La Dépêche de Kabylie : Un point sur la situation du secteur du commerce dans la wilaya ?

Ahmed Gamri : Le tissu commercial à travers la wilaya de Bouira comporte près de 30 000 commerçants exerçant dans différents secteurs. Le secteur le plus important est celui du détail avec 14 000 commerçants en alimentation générale, boulangeries, fruits et légumes, produits laitiers et dérivés. Le secteur comporte également des unités de production en matière de biscuiterie, chocolaterie plus deux unités de production de lait pasteurisé au niveau de Kadiria et Aïn Lahdjar. Ces deux unités permettent la production de 36 000 litres de lait par jour. Il en existe une troisième à Toghza, commune de Chorfa, qui est spécialisée uniquement dans le lait de vache. Elle attend la commission ad-hoc des ministères du Commerce et de l’Agriculture pour savoir si elle bénéficiera d’un quota de poudre de lait auprès de l’ONIL qui sera défini par la suite. Voilà en résumé de quoi est constitué le tissu commercial de la wilaya.
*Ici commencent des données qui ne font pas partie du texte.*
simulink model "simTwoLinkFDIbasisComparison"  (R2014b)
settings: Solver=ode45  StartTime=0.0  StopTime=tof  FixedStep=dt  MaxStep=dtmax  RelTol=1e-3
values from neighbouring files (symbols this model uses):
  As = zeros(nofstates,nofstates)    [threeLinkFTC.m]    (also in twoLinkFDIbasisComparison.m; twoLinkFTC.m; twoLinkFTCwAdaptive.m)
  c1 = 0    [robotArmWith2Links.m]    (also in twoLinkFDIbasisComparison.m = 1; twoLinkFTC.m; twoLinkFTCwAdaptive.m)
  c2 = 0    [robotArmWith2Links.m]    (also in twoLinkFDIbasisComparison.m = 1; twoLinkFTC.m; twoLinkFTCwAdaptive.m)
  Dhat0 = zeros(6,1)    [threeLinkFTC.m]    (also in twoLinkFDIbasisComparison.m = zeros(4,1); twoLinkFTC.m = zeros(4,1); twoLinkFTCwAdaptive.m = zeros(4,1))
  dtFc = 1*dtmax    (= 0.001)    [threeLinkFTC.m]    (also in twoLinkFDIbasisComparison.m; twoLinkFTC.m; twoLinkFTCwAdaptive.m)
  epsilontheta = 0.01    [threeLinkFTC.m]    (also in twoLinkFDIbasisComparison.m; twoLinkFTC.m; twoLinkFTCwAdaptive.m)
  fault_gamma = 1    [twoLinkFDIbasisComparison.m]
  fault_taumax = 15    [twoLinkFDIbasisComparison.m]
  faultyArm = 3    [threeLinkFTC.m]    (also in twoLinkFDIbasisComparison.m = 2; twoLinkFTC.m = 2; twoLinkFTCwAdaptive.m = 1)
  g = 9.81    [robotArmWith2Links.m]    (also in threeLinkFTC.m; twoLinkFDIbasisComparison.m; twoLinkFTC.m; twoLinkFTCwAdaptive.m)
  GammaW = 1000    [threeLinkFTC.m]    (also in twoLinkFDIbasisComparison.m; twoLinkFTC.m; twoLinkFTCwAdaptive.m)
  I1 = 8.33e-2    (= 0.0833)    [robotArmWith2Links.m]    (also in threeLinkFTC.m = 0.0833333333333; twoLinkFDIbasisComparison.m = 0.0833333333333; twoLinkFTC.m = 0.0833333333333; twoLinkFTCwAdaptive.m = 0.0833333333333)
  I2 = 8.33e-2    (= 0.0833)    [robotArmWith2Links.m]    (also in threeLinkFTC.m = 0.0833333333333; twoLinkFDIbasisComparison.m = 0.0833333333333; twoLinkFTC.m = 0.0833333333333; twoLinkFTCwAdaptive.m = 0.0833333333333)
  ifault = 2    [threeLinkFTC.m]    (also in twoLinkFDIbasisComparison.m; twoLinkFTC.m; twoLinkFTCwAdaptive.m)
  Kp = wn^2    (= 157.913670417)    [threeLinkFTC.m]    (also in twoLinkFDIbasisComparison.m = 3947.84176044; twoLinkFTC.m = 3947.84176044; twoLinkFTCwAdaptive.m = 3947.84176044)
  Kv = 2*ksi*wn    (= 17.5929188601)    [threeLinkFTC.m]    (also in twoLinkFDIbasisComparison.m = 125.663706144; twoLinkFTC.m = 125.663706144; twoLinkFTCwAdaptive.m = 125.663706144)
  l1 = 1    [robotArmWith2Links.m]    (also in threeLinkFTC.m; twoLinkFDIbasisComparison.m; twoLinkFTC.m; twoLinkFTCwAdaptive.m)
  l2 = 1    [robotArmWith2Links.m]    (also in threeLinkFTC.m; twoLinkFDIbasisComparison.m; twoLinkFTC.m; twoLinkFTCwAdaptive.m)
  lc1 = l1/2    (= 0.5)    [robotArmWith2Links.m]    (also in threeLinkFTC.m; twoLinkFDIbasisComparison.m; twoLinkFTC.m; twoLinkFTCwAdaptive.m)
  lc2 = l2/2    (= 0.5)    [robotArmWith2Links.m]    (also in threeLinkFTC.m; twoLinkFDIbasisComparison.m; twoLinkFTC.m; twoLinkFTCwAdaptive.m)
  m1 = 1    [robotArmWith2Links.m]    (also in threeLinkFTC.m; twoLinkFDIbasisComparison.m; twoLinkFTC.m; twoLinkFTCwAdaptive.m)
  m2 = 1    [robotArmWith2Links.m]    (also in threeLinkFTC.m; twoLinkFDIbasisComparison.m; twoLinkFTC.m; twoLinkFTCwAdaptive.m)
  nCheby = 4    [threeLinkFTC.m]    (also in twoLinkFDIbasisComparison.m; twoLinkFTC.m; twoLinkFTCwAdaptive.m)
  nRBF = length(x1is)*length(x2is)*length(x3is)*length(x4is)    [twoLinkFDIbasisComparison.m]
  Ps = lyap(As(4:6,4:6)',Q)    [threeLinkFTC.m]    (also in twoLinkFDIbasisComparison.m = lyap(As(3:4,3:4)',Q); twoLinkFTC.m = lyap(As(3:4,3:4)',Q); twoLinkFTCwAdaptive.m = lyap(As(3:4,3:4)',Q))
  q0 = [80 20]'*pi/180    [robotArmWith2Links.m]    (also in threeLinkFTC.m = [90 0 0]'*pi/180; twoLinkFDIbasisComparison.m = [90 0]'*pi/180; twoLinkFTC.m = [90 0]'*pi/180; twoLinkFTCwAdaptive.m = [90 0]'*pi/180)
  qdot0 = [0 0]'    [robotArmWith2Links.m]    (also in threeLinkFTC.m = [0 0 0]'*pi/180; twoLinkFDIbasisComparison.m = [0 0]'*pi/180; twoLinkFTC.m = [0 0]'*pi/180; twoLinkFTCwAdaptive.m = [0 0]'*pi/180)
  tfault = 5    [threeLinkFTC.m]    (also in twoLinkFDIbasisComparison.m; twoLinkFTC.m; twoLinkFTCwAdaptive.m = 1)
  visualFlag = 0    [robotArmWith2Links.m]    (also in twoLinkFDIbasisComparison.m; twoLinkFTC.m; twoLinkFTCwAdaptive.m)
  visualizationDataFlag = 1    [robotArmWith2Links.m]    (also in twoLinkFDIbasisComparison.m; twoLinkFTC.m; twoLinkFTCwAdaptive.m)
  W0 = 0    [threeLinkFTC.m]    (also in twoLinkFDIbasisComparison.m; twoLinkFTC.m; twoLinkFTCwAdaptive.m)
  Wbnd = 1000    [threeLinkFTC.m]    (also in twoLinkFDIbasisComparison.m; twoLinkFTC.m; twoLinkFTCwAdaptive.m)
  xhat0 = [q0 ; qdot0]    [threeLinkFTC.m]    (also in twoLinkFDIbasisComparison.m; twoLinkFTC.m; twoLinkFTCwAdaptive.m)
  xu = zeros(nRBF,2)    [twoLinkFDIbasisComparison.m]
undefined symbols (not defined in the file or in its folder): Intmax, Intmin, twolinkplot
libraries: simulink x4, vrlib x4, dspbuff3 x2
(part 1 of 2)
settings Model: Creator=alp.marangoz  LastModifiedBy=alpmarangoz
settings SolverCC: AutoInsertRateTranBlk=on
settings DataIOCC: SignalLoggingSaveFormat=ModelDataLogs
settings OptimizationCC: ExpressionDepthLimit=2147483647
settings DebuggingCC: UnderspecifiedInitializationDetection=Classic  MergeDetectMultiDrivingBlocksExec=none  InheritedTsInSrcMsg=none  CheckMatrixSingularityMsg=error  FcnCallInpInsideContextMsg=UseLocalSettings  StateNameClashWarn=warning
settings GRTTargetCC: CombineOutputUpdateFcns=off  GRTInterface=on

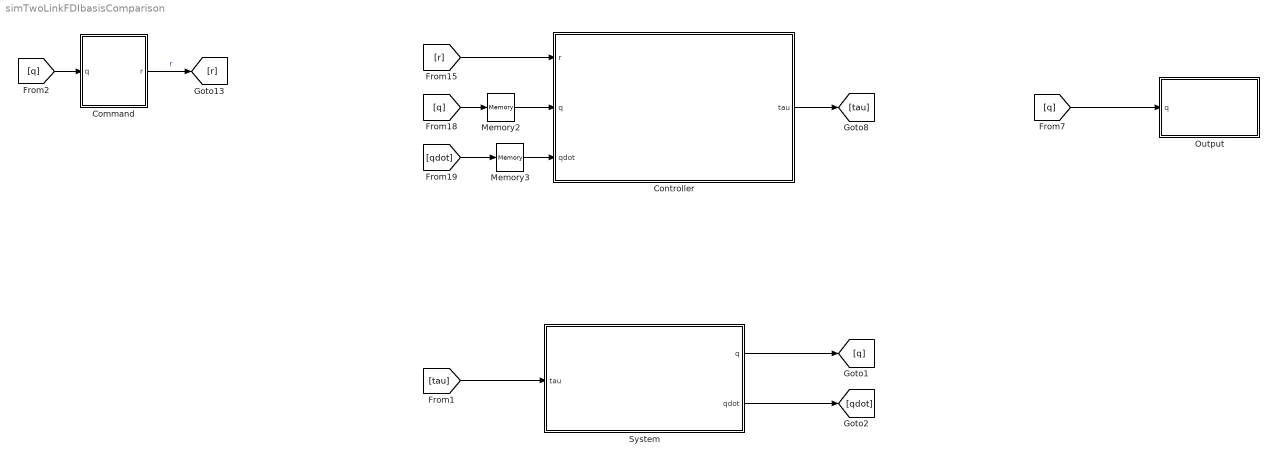
== system simTwoLinkFDIbasisComparison ==
  Command : Subsystem  TreatAsAtomicUnit=on  SystemSampleTime=dtFc
  Controller : Subsystem  TreatAsAtomicUnit=on  SystemSampleTime=dtFc
  Memory2 : Memory  X0=q0  InheritSampleTime=on  LinearizeMemory=on  LinearizeAsDelay=on
  Memory3 : Memory  X0=qdot0  InheritSampleTime=on  LinearizeMemory=on  LinearizeAsDelay=on
  Output : Subsystem  TreatAsAtomicUnit=on
  System : Subsystem  TreatAsAtomicUnit=on
  wires:
  Command/1(r) -> [r]  "r"
  [r] -> Controller/1(r)
  Controller/1(tau) -> [tau]
  [q] -> Output/1(q)
  [tau] -> System/1(tau)
  [q] -> Memory2/1
  [qdot] -> Memory3/1
  System/1(q) -> [q]
  System/2(qdot) -> [qdot]
  [q] -> Command/1(q)
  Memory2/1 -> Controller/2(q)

Je précise que la direction du commerce emploie 220 fonctionnaires au niveau de la wilaya de Bouira, dont 145 faisant partie du corps technique chargés de tous types de contrôle, le reste est constitué de corps communs chargés de l’administration.

Vous avez tracé un programme spécial pour ce mois de Ramadhan, pouvez-vous nous en parler ?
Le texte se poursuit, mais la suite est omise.